I have had my hedgehog for 5 months and been dealing with aspen. I do plan to change the bedding and cage in the summer. I DO NOT reccomend using aspen it is so dusty and hard to clean. I don't really like the product, but I still have to deal with it for 1 more week. Now, I think I'm allergic it. It might be a recent allergy because since yesterday My eye was so itchy it turned red. Today is even worse. I'm itching, watery, and my nose is acting up. Is it that I'm allergic to my hedgehog or the aspen? I definitely plan to switch to fleece later on this summer, but for now i have to deal with it and then switch to Carefresh.


----------



## Nancy (Aug 22, 2008)

I'm allergic to aspen and find I found it dusty too. Carefresh is every bit as dusty and the dust bothers my asthma. Liners are best, for hedgies and for us.


----------



## Kitsune (Mar 14, 2012)

My hedgie was allergic to aspen. It gave him red, itchy eyes.
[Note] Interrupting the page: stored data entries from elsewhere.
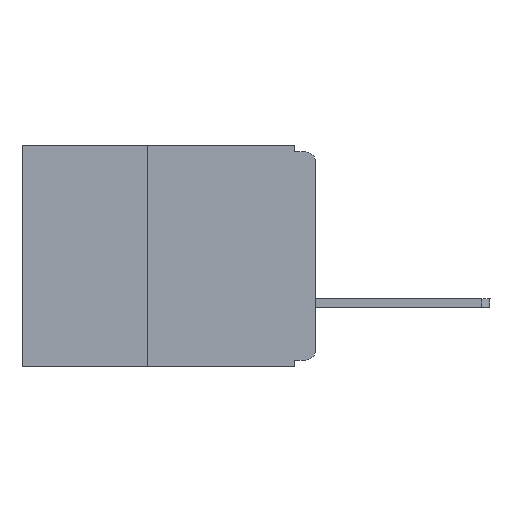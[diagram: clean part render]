
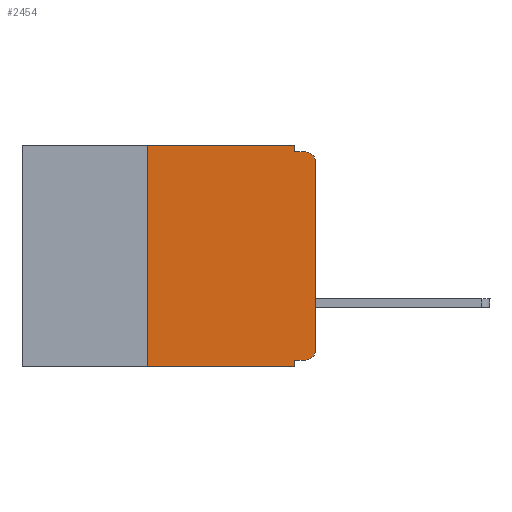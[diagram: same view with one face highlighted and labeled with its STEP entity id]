
A CAD part, left-side view. The second image highlights one B-rep face of the part: STEP entity #2454.
In plain terms, the highlighted planar face has unit normal (-1, 0, 0).
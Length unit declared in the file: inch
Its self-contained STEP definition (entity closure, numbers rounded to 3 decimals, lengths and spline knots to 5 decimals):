
#232 = CARTESIAN_POINT ( 'NONE',  ( 0., 0.437, -0.33 ) ) ;
#283 = CARTESIAN_POINT ( 'NONE',  ( 0., 0.25, -0.33 ) ) ;
#317 = LINE ( 'NONE', #232, #6496 ) ;
#690 = VERTEX_POINT ( 'NONE', #3725 ) ;
#753 = EDGE_CURVE ( 'NONE', #9614, #1846, #9459, .T. ) ;
#996 = DIRECTION ( 'NONE',  ( -1., 0., 0. ) ) ;
#1121 = PLANE ( 'NONE',  #3754 ) ;
#1161 = EDGE_CURVE ( 'NONE', #1846, #690, #11505, .T. ) ;
#1175 = DIRECTION ( 'NONE',  ( 0., -1., 0. ) ) ;
#1243 = CARTESIAN_POINT ( 'NONE',  ( 0., 0.437, 0. ) ) ;
#1317 = CARTESIAN_POINT ( 'NONE',  ( 0., 0.031, 0. ) ) ;
#1363 = EDGE_CURVE ( 'NONE', #11381, #9993, #7651, .T. ) ;
#1733 = VECTOR ( 'NONE', #5977, 39.37008 ) ;
#1846 = VERTEX_POINT ( 'NONE', #9323 ) ;
#1892 = DIRECTION ( 'NONE',  ( 0., -1., 0. ) ) ;
#2076 = ORIENTED_EDGE ( 'NONE', *, *, #1363, .F. ) ;
#2189 = DIRECTION ( 'NONE',  ( 0., 0., -1. ) ) ;
#2287 = CARTESIAN_POINT ( 'NONE',  ( 0., 0., 0. ) ) ;
#2454 = ADVANCED_FACE ( 'NONE', ( #2536 ), #1121, .F. ) ;
#2536 = FACE_OUTER_BOUND ( 'NONE', #11114, .T. ) ;
#2709 = EDGE_CURVE ( 'NONE', #3301, #9993, #317, .T. ) ;
#2798 = DIRECTION ( 'NONE',  ( 0., -1., 0. ) ) ;
#2891 = LINE ( 'NONE', #8989, #1733 ) ;
#2899 = CIRCLE ( 'NONE', #8102, 0.015 ) ;
#3054 = VECTOR ( 'NONE', #1892, 39.37008 ) ;
#3301 = VERTEX_POINT ( 'NONE', #283 ) ;
#3524 = DIRECTION ( 'NONE',  ( 0., 0., -1. ) ) ;
#3725 = CARTESIAN_POINT ( 'NONE',  ( 0., 0.031, -0.01 ) ) ;
#3736 = VERTEX_POINT ( 'NONE', #8364 ) ;
#3754 = AXIS2_PLACEMENT_3D ( 'NONE', #1243, #7735, #7866 ) ;
#3765 = VERTEX_POINT ( 'NONE', #10502 ) ;
#3822 = CARTESIAN_POINT ( 'NONE',  ( 0., 0.015, -0.025 ) ) ;
#3863 = ORIENTED_EDGE ( 'NONE', *, *, #10861, .T. ) ;
#4073 = CARTESIAN_POINT ( 'NONE',  ( 0., 0.015, -0.305 ) ) ;
#4267 = EDGE_CURVE ( 'NONE', #9888, #11381, #9587, .T. ) ;
#4547 = ORIENTED_EDGE ( 'NONE', *, *, #8902, .T. ) ;
#4714 = CARTESIAN_POINT ( 'NONE',  ( 0., 0.437, 0. ) ) ;
#4719 = CARTESIAN_POINT ( 'NONE',  ( 0., 0.031, -0.32 ) ) ;
#5185 = DIRECTION ( 'NONE',  ( 0., 0., 1. ) ) ;
#5250 = CARTESIAN_POINT ( 'NONE',  ( 0., 0.25, 0. ) ) ;
#5343 = VERTEX_POINT ( 'NONE', #8046 ) ;
#5382 = CARTESIAN_POINT ( 'NONE',  ( 0., 0.031, -0.33 ) ) ;
#5421 = VECTOR ( 'NONE', #2189, 39.37008 ) ;
#5679 = DIRECTION ( 'NONE',  ( 0., 1., 0. ) ) ;
#5977 = DIRECTION ( 'NONE',  ( 0., 0., 1. ) ) ;
#6288 = VECTOR ( 'NONE', #3524, 39.37008 ) ;
#6294 = LINE ( 'NONE', #2287, #6440 ) ;
#6440 = VECTOR ( 'NONE', #5185, 39.37008 ) ;
#6496 = VECTOR ( 'NONE', #1175, 39.37008 ) ;
#6759 = ORIENTED_EDGE ( 'NONE', *, *, #8908, .T. ) ;
#6991 = DIRECTION ( 'NONE',  ( 0., 0., -1. ) ) ;
#7651 = LINE ( 'NONE', #5382, #6288 ) ;
#7735 = DIRECTION ( 'NONE',  ( 1., 0., 0. ) ) ;
#7866 = DIRECTION ( 'NONE',  ( 0., 0., -1. ) ) ;
#7973 = ORIENTED_EDGE ( 'NONE', *, *, #753, .F. ) ;
#8023 = CARTESIAN_POINT ( 'NONE',  ( 0., 0.031, -0.33 ) ) ;
#8046 = CARTESIAN_POINT ( 'NONE',  ( 0., 0., -0.025 ) ) ;
#8102 = AXIS2_PLACEMENT_3D ( 'NONE', #4073, #9849, #6991 ) ;
#8364 = CARTESIAN_POINT ( 'NONE',  ( 0., 0.015, -0.01 ) ) ;
#8748 = ORIENTED_EDGE ( 'NONE', *, *, #10449, .F. ) ;
#8789 = CARTESIAN_POINT ( 'NONE',  ( 0., 0.015, -0.32 ) ) ;
#8902 = EDGE_CURVE ( 'NONE', #3765, #5343, #6294, .T. ) ;
#8908 = EDGE_CURVE ( 'NONE', #9888, #3765, #2899, .T. ) ;
#8989 = CARTESIAN_POINT ( 'NONE',  ( 0., 0.25, -0.33 ) ) ;
#9075 = LINE ( 'NONE', #11244, #10860 ) ;
#9323 = CARTESIAN_POINT ( 'NONE',  ( 0., 0.031, 0. ) ) ;
#9381 = AXIS2_PLACEMENT_3D ( 'NONE', #3822, #996, #9596 ) ;
#9459 = LINE ( 'NONE', #4714, #3054 ) ;
#9587 = LINE ( 'NONE', #11364, #10629 ) ;
#9596 = DIRECTION ( 'NONE',  ( 0., 0., -1. ) ) ;
#9614 = VERTEX_POINT ( 'NONE', #5250 ) ;
#9849 = DIRECTION ( 'NONE',  ( -1., 0., 0. ) ) ;
#9888 = VERTEX_POINT ( 'NONE', #8789 ) ;
#9979 = ORIENTED_EDGE ( 'NONE', *, *, #1161, .F. ) ;
#9993 = VERTEX_POINT ( 'NONE', #8023 ) ;
#10449 = EDGE_CURVE ( 'NONE', #3301, #9614, #2891, .T. ) ;
#10502 = CARTESIAN_POINT ( 'NONE',  ( 0., 0., -0.305 ) ) ;
#10629 = VECTOR ( 'NONE', #5679, 39.37008 ) ;
#10860 = VECTOR ( 'NONE', #2798, 39.37008 ) ;
#10861 = EDGE_CURVE ( 'NONE', #5343, #3736, #11181, .T. ) ;
#11114 = EDGE_LOOP ( 'NONE', ( #4547, #3863, #12235, #9979, #7973, #8748, #11345, #2076, #12219, #6759 ) ) ;
#11181 = CIRCLE ( 'NONE', #9381, 0.015 ) ;
#11244 = CARTESIAN_POINT ( 'NONE',  ( 0., 0., -0.01 ) ) ;
#11345 = ORIENTED_EDGE ( 'NONE', *, *, #2709, .T. ) ;
#11364 = CARTESIAN_POINT ( 'NONE',  ( 0., 0., -0.32 ) ) ;
#11381 = VERTEX_POINT ( 'NONE', #4719 ) ;
#11501 = EDGE_CURVE ( 'NONE', #690, #3736, #9075, .T. ) ;
#11505 = LINE ( 'NONE', #1317, #5421 ) ;
#12219 = ORIENTED_EDGE ( 'NONE', *, *, #4267, .F. ) ;
#12235 = ORIENTED_EDGE ( 'NONE', *, *, #11501, .F. ) ;

I switched him to carefresh and he nor I (I have asthma too, but everyone's asthma has different things that bother it and mine's pretty mild), had any issues so I still use carefress in his litterbox. He has cage liners now though and I wish I had used them from the begining. They're a breeze to clean and I really do think they're better for him.


----------



## moxieberry (Nov 30, 2011)

Carefresh is really dusty too, it's possible that will also irritate your eyes.


----------